I have several yards of that fabric, but I think my blue is lighter then yours (could be the puter though). If I ever get my dream table I want to do my seat cushions in the fabric as well as curtains. Yours looks really good though 

Heidi


----------



## Fae (Mar 9, 2005)

Very pretty. I am looking forward to getting to sew before long. DS put up the wall cabinets in the kitchen today and got them out of my sewing area. I have so many things to make for Christmas. Maybe he will get to put in the base cabinets next weekend and then I will really have room.


----------



## Island of Blueb (Sep 20, 2005)

Your table is lovely. What a neat thing to do!


----------



## Marsha (May 11, 2002)

Great job!!! I am working on a fall table runner...hope to have it done by tomorrow.

Marsha


----------



## EDDIE BUCK (Jul 17, 2005)

If she keeps making these things,I ain't never gunna get my wool socks knitted Eddie Buck


----------



## Shagbarkmtcatle (Nov 1, 2004)

Oh rats, I just had to find out why Eddie Buck was posting here.

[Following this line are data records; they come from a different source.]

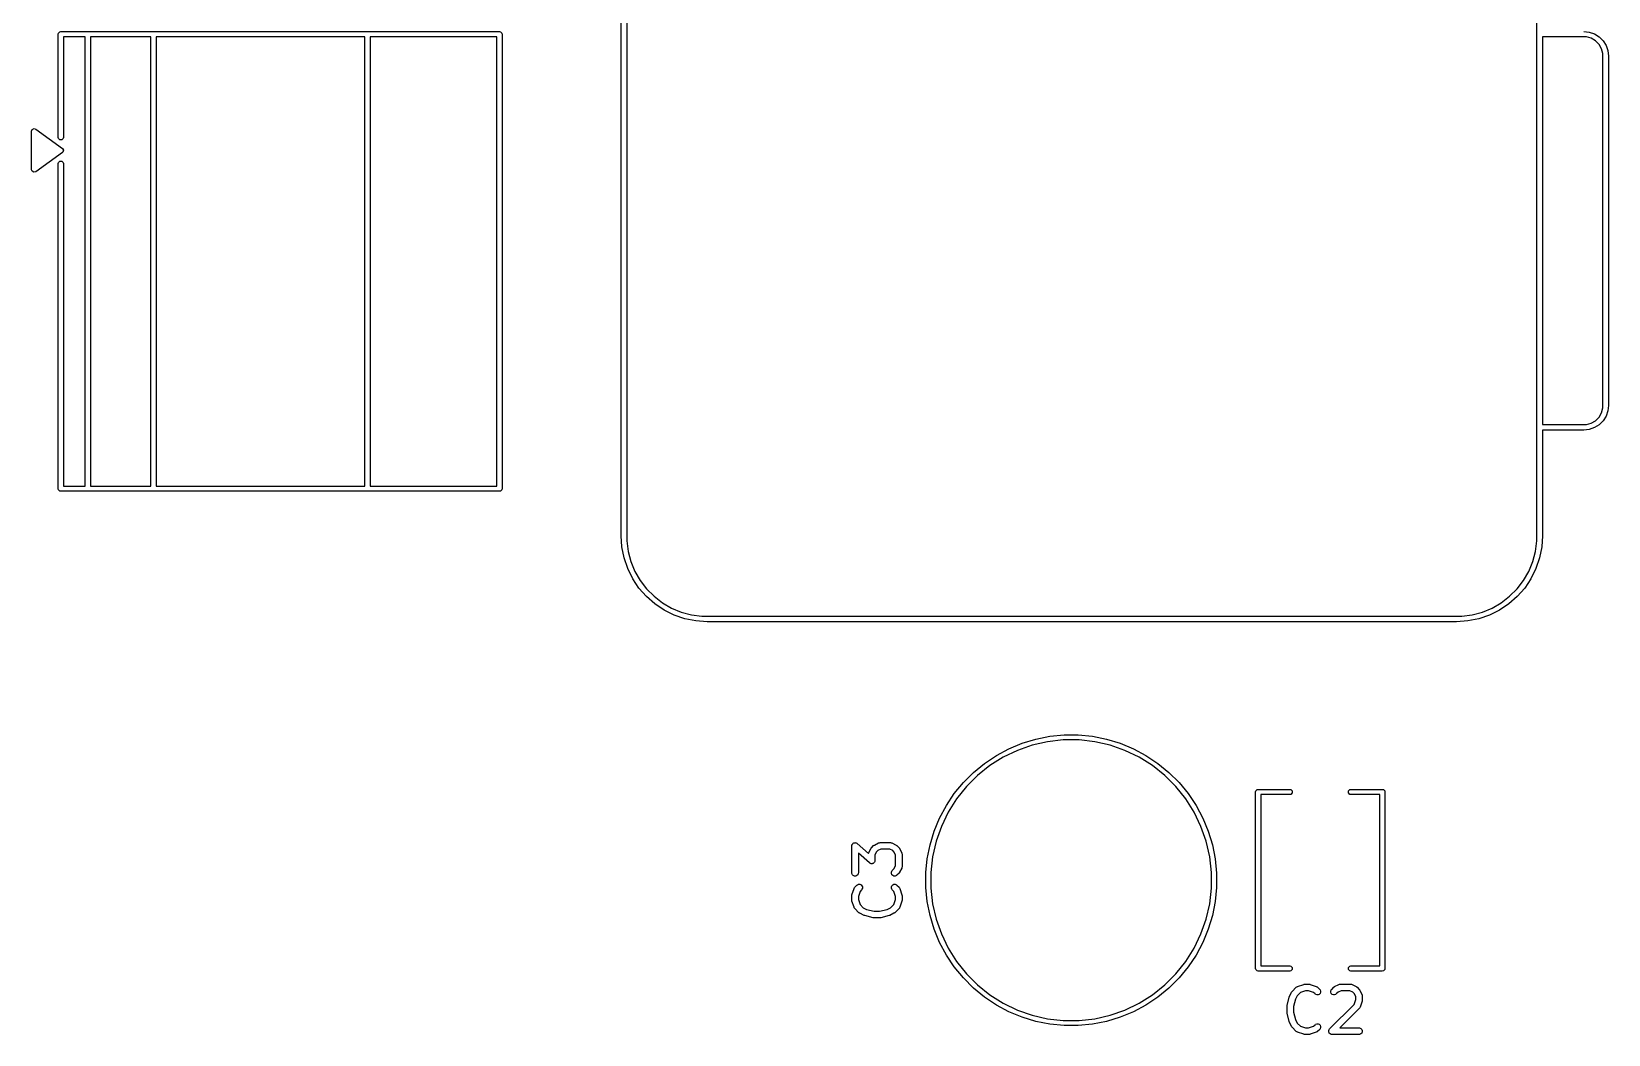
# Model space of a CAD drawing. Header units: millimetres. Extents: x 69 to 108.1, y -103.8 to -33.5.
# Drawn here: x 68.96 to 105.04, y -103.84 to -80.89 of the extents above; entities that cross this region are included whole.
import ezdxf

# ---------------------------------------------------------------- set-up
doc = ezdxf.new("R2010")
doc.units = ezdxf.units.MM
doc.layers.add('BLACK', color=7, linetype='CONTINUOUS')

msp = doc.modelspace()

# ---------------------------------------------------------------- linework, layer by layer
at = {"layer": 'BLACK', "linetype": 'CONTINUOUS'}
for p, q in [((82.4525, -92.425), (82.4525, -78.455)), ((82.5795, -78.455), (82.5795, -92.425)), ((103.4075, -92.425), (103.4075, -78.455)), ((69.57, -80.95), (69.574567, -80.927039)), ((69.57, -83.31), (69.57, -80.95)), ((69.574567, -80.927039), (69.607039, -80.894567)), ((69.607039, -80.894567), (69.63, -80.89)), ((69.63, -80.89), (79.67, -80.89)), ((70.19, -81.01), (69.69, -81.01)), ((69.69, -81.01), (69.69, -83.31)), ((70.19, -91.29), (70.19, -81.01)), ((70.31, -81.01), (70.31, -91.29)), ((71.69, -81.01), (70.31, -81.01)), ((71.69, -91.29), (71.69, -81.01)), ((71.81, -81.01), (71.81, -91.29)), ((76.59, -81.01), (71.81, -81.01)), ((76.59, -91.29), (76.59, -81.01)), ((76.71, -81.01), (76.71, -91.29)), ((79.61, -81.01), (76.71, -81.01)), ((79.61, -91.29), (79.61, -81.01)), ((79.67, -80.89), (79.692961, -80.894567)), ((79.692961, -80.894567), (79.725433, -80.927039)), ((79.725433, -80.927039), (79.73, -80.95)), ((79.73, -80.95), (79.73, -91.35)), ((104.481038, -81.012228), (103.5345, -81.008735)), ((103.5345, -81.008735), (103.5345, -89.8805)), ((104.481161, -81.012203), (104.481038, -81.012228)), ((104.481235, -81.012228), (104.481161, -81.012203)), ((104.538681, -81.012258), (104.481235, -81.012228)), ((104.481755, -80.885278), (104.606647, -80.899418)), ((104.649645, -81.042048), (104.538681, -81.012258)), ((104.606647, -80.899418), (104.725688, -80.941133)), ((104.749123, -81.099531), (104.649645, -81.042048)), ((104.725688, -80.941133), (104.832469, -81.008281)), ((104.830343, -81.180795), (104.749123, -81.099531)), ((104.887772, -81.280304), (104.830343, -81.180795)), ((104.832469, -81.008281), (104.921638, -81.097499)), ((104.921638, -81.097499), (104.988728, -81.204316)), ((104.917501, -81.391284), (104.887772, -81.280304)), ((104.9175, -81.448726), (104.917501, -81.391284)), ((104.9175, -81.448728), (104.9175, -81.448726)), ((104.9175, -89.444), (104.9175, -81.448728)), ((104.988728, -81.204316), (105.030378, -81.32338)), ((105.030378, -81.32338), (105.0445, -81.448726)), ((105.0445, -81.448726), (105.0445, -81.448728)), ((105.0445, -81.448728), (105.0445, -89.444)), ((68.96, -83.17), (68.977574, -83.127574)), ((68.96, -84.05), (68.96, -83.17)), ((68.977574, -83.127574), (69.02, -83.11)), ((69.02, -83.11), (69.0551, -83.121338)), ((69.0551, -83.121338), (69.6651, -83.561338)), ((69.574567, -83.332961), (69.57, -83.31)), ((69.607039, -83.365433), (69.574567, -83.332961)), ((69.685433, -83.332961), (69.652961, -83.365433)), ((69.69, -83.31), (69.685433, -83.332961)), ((69.6651, -83.658662), (69.0551, -84.098662)), ((69.652961, -83.365433), (69.607039, -83.365433)), ((69.6651, -83.561338), (69.689229, -83.600411)), ((69.678662, -83.6451), (69.6651, -83.658662)), ((69.689229, -83.600411), (69.678662, -83.6451)), ((68.971338, -84.0851), (68.96, -84.05)), ((69.57, -83.91), (69.574567, -83.887039)), ((69.57, -91.35), (69.57, -83.91)), ((69.574567, -83.887039), (69.607039, -83.854567)), ((69.607039, -83.854567), (69.652961, -83.854567)), ((69.652961, -83.854567), (69.685433, -83.887039)), ((69.685433, -83.887039), (69.69, -83.91)), ((69.69, -83.91), (69.69, -91.29)), ((69.010411, -84.109229), (68.971338, -84.0851)), ((69.0551, -84.098662), (69.010411, -84.109229)), ((104.9175, -89.501466), (104.9175, -89.444)), ((105.0445, -89.444), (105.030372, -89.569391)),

I thought maybe he might have made some curtains or some such and was showing them off to everyone. I might have know he was just fussing with his wife


----------



## partndn (Jun 18, 2009)

Very nice job!


----------



## bopeep (Apr 2, 2007)

Shagbarkmtcatle said:


> Oh rats, I just had to find out why Eddie Buck was posting here. I thought maybe he might have made some curtains or some such and was showing them off to everyone. I might have know he was just fussing with his wife


I will be sure to let you know IF .....he makes curtains.....I think I am going to have to make them socks.....LOL...got to look on knifty kniter site and see if I can make socks with my loom.

Thanks for the nice comments.
bopeep


----------



## BlueberryChick (May 12, 2008)

Oooo, me too, please! I'll have coffee, tea, lemonade, whatever. The table looks so inviting.


----------